Contradictory results from clinical trials that examined the role of vitamin E in chronic disease could be a consequence of interindividual variation, caused by factors such as xenobiotic use. Cometabolism of vitamin E with other pharmaceutical products could affect the bioavailability of the drug. Thus, it is necessary to understand fully the metabolic routes and biological endpoints of vitamin E.


The objective was to uncover novel metabolites and roles of vitamin E in humans and mouse models.


Human volunteers (n = 10) were fed almonds for 7 d and then an α-tocopherol dietary supplement for 14 d. Urine and serum samples were collected before and after dosing. C57BL/6 mice (n = 10) were also fed α-tocopherol-deficient and -enriched diets for 14 d. Urine, serum, and feces were collected before and after dosing, and liver samples were collected after euthanization. Ultraperformance liquid chromatography electrospray ionization time-of-flight mass spectrometry and multivariate data analysis tools were used to analyze the samples.

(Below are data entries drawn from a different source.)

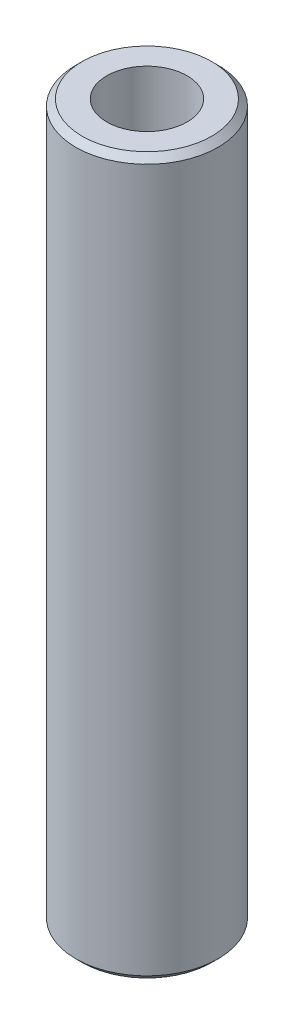
SolidWorks part; units mm, degrees
ref_plane "Front Plane" through (0, 0, 0) normal (0, 0, 1) x (1, 0, 0)
ref_plane "Top Plane" through (0, 0, 0) normal (0, 1, 0) x (1, 0, 0)
ref_plane "Right Plane" through (0, 0, 0) normal (1, 0, 0) x (0, 0, -1)
sketch "Sketch1" plane through (0, 0, 0) normal (0, 1, 0) x (1, 0, 0)
  circle A0 centre (0, 0) radius 37.5
  dimension "SHAFT_OD" = 75
extrude "Boss-Extrude1" add sketch "Sketch1" along normal blind 377.2275
sketch "Sketch2" plane through (0, 0, 0) normal (0, 1, 0) x (1, 0, 0)
  circle A0 centre (0, 0) radius 21.1526
  dimension "BORE_D" = 42.3053
extrude "Cut-Extrude1" cut sketch "Sketch2" along normal through all
chamfer "Chamfer1" distance 3.3669 angle 45 2 edges at (0, 377.2275, 37.5) (0, 0, 37.5)
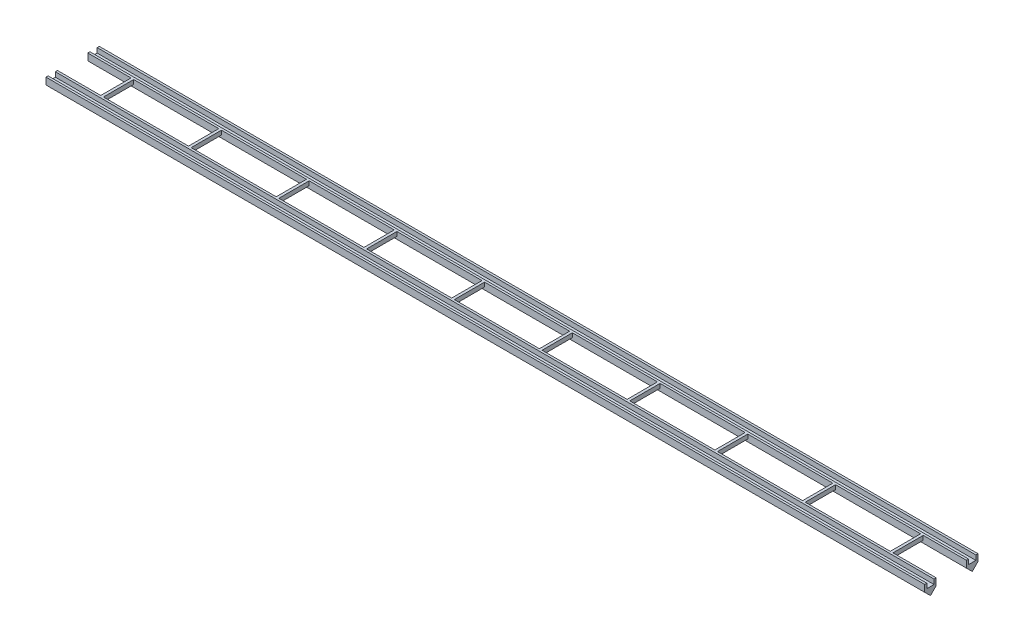
SolidWorks part; units mm, degrees
ref_plane "Front Plane" through (0, 0, 0) normal (0, 0, 1) x (1, 0, 0)
ref_plane "Top Plane" through (0, 0, 0) normal (0, 1, 0) x (1, 0, 0)
ref_plane "Right Plane" through (0, 0, 0) normal (1, 0, 0) x (0, 0, -1)
sketch "Sketch1" plane through (0, 0, 0) normal (1, 0, 0) x (0, 0, -1)
  line L0 (0, 0) -> (0, 50000) construction
  line L1 (5.2539, 0) -> (5.2539, -2.367)
  line L2 (5.2539, -2.367) -> (7.25, -4.3631)
  line L3 (8.5, 0) -> (9.2461, 0)
  line L4 (8.5, -1.6493) -> (8.5, 0)
  line L5 (9.2461, -2.367) -> (7.25, -4.3631)
  line L6 (9.2461, 0) -> (9.2461, -2.367)
  line L7 (8.5, -1.6493) -> (6, -1.6493)
  line L8 (6, -1.6493) -> (6, 0)
  line L9 (6, 0) -> (5.2539, 0)
  line L10 (7.25, -1.3683) -> (7.25, 49998.6317) construction
  line L11 (-7.25, -1.3683) -> (-7.25, 49998.6317) construction
  line L12 (-6, 0) -> (-5.2539, 0)
  line L13 (-6, -1.6493) -> (-6, 0)
  line L14 (-8.5, -1.6493) -> (-6, -1.6493)
  line L15 (-9.2461, 0) -> (-9.2461, -2.367)
  line L16 (-9.2461, -2.367) -> (-7.25, -4.3631)
  line L17 (-8.5, -1.6493) -> (-8.5, 0)
  line L18 (-8.5, 0) -> (-9.2461, 0)
  line L19 (-5.2539, -2.367) -> (-7.25, -4.3631)
  line L20 (-5.2539, 0) -> (-5.2539, -2.367)
  dimension "D1" = 2.5
  dimension "D2" = 12
extrude "Boss-Extrude1" add sketch "Sketch1" along normal blind 304.8
sketch "Sketch2" plane through (0, 0, -5.2539) normal (0, 0, 1) x (1, 0, 0)
  line L0 (304.8, 0) -> (0, 0) construction
  line L1 (15, 0) -> (15.9221, 0)
  line L2 (15, 0) -> (15, -1.478)
  line L3 (15, -1.478) -> (15.9221, -1.478) construction
  line L4 (15.9221, 0) -> (15.9221, -1.478)
  line L5 (15, -1.478) -> (15.4611, -1.939)
  line L6 (15.4611, -1.939) -> (15.9221, -1.478)
  line L7 (45.4309, 0) -> (46.353, 0)
  line L8 (45.4309, 0) -> (45.4309, -1.478)
  line L9 (46.353, 0) -> (46.353, -1.478)
  line L10 (45.4309, -1.478) -> (45.8919, -1.939)
  line L11 (45.8919, -1.939) -> (46.353, -1.478)
  line L12 (45.4309, -1.478) -> (46.353, -1.478) construction
  line L13 (75.8617, 0) -> (76.7839, 0)
  line L14 (75.8617, 0) -> (75.8617, -1.478)
  line L15 (76.7839, 0) -> (76.7839, -1.478)
  line L16 (75.8617, -1.478) -> (76.3228, -1.939)
  line L17 (76.3228, -1.939) -> (76.7839, -1.478)
  line L18 (75.8617, -1.478) -> (76.7839, -1.478) construction
  line L19 (106.2926, 0) -> (107.2148, 0)
  line L20 (106.2926, 0) -> (106.2926, -1.478)
  line L21 (107.2148, 0) -> (107.2148, -1.478)
  line L22 (106.2926, -1.478) -> (106.7537, -1.939)
  line L23 (106.7537, -1.939) -> (107.2148, -1.478)
  line L24 (106.2926, -1.478) -> (107.2148, -1.478) construction
  line L25 (136.7235, 0) -> (137.6456, 0)
  line L26 (136.7235, 0) -> (136.7235, -1.478)
  line L27 (137.6456, 0) -> (137.6456, -1.478)
  line L28 (136.7235, -1.478) -> (137.1846, -1.939)
  line L29 (137.1846, -1.939) -> (137.6456, -1.478)
  line L30 (136.7235, -1.478) -> (137.6456, -1.478) construction
  line L31 (167.1544, 0) -> (168.0765, 0)
  line L32 (167.1544, 0) -> (167.1544, -1.478)
  line L33 (168.0765, 0) -> (168.0765, -1.478)
  line L34 (167.1544, -1.478) -> (167.6154, -1.939)
  line L35 (167.6154, -1.939) -> (168.0765, -1.478)
  line L36 (167.1544, -1.478) -> (168.0765, -1.478) construction
  line L37 (0, 0) -> (0, -2.367) construction
  line L39 (197.5852, 0) -> (198.5074, 0)
  line L40 (197.5852, 0) -> (197.5852, -1.478)
  line L41 (198.5074, 0) -> (198.5074, -1.478)
  line L42 (197.5852, -1.478) -> (198.0463, -1.939)
  line L43 (198.0463, -1.939) -> (198.5074, -1.478)
  line L44 (197.5852, -1.478) -> (198.5074, -1.478) construction
  line L45 (228.0161, 0) -> (228.9383, 0)
  line L46 (228.0161, 0) -> (228.0161, -1.478)
  line L47 (228.9383, 0) -> (228.9383, -1.478)
  line L48 (228.0161, -1.478) -> (228.4772, -1.939)
  line L49 (228.4772, -1.939) -> (228.9383, -1.478)
  line L50 (228.0161, -1.478) -> (228.9383, -1.478) construction
  line L51 (258.447, 0) -> (259.3691, 0)
  line L52 (258.447, 0) -> (258.447, -1.478)
  line L53 (259.3691, 0) -> (259.3691, -1.478)
  line L54 (258.447, -1.478) -> (258.9081, -1.939)
  line L55 (258.9081, -1.939) -> (259.3691, -1.478)
  line L56 (258.447, -1.478) -> (259.3691, -1.478) construction
  line L57 (288.8779, 0) -> (289.8, 0)
  line L58 (288.8779, 0) -> (288.8779, -1.478)
  line L59 (289.8, 0) -> (289.8, -1.478)
  line L60 (288.8779, -1.478) -> (289.3389, -1.939)
  line L61 (289.3389, -1.939) -> (289.8, -1.478)
  line L62 (288.8779, -1.478) -> (289.8, -1.478) construction
  line L63 (304.8, 0) -> (304.8, -2.367) construction
  dimension "D2" = 15
  dimension "D3" = 15
  dimension "D1" = 10
extrude "Boss-Extrude2" add sketch "Sketch2" along normal up to next
equation "\"D3@Sketch2\"=\"D2@Sketch2\""

Three novel urinary metabolites of α-tocopherol were discovered in humans and mice: α-carboxyethylhydroxychroman (α-CEHC) glycine, α-CEHC glycine glucuronide, and α-CEHC taurine. Another urinary metabolite, α-CEHC glutamine, was discovered in mice after α-CEHC gavage. Increases in liver fatty acids and decreases in serum and liver cholesterol were observed in mice fed the α-tocopherol-enriched diet.


Novel metabolites and metabolic pathways of vitamin E were identified by mass spectrometry-based metabolomics and will aid in understanding the disposition and roles of vitamin E in vivo.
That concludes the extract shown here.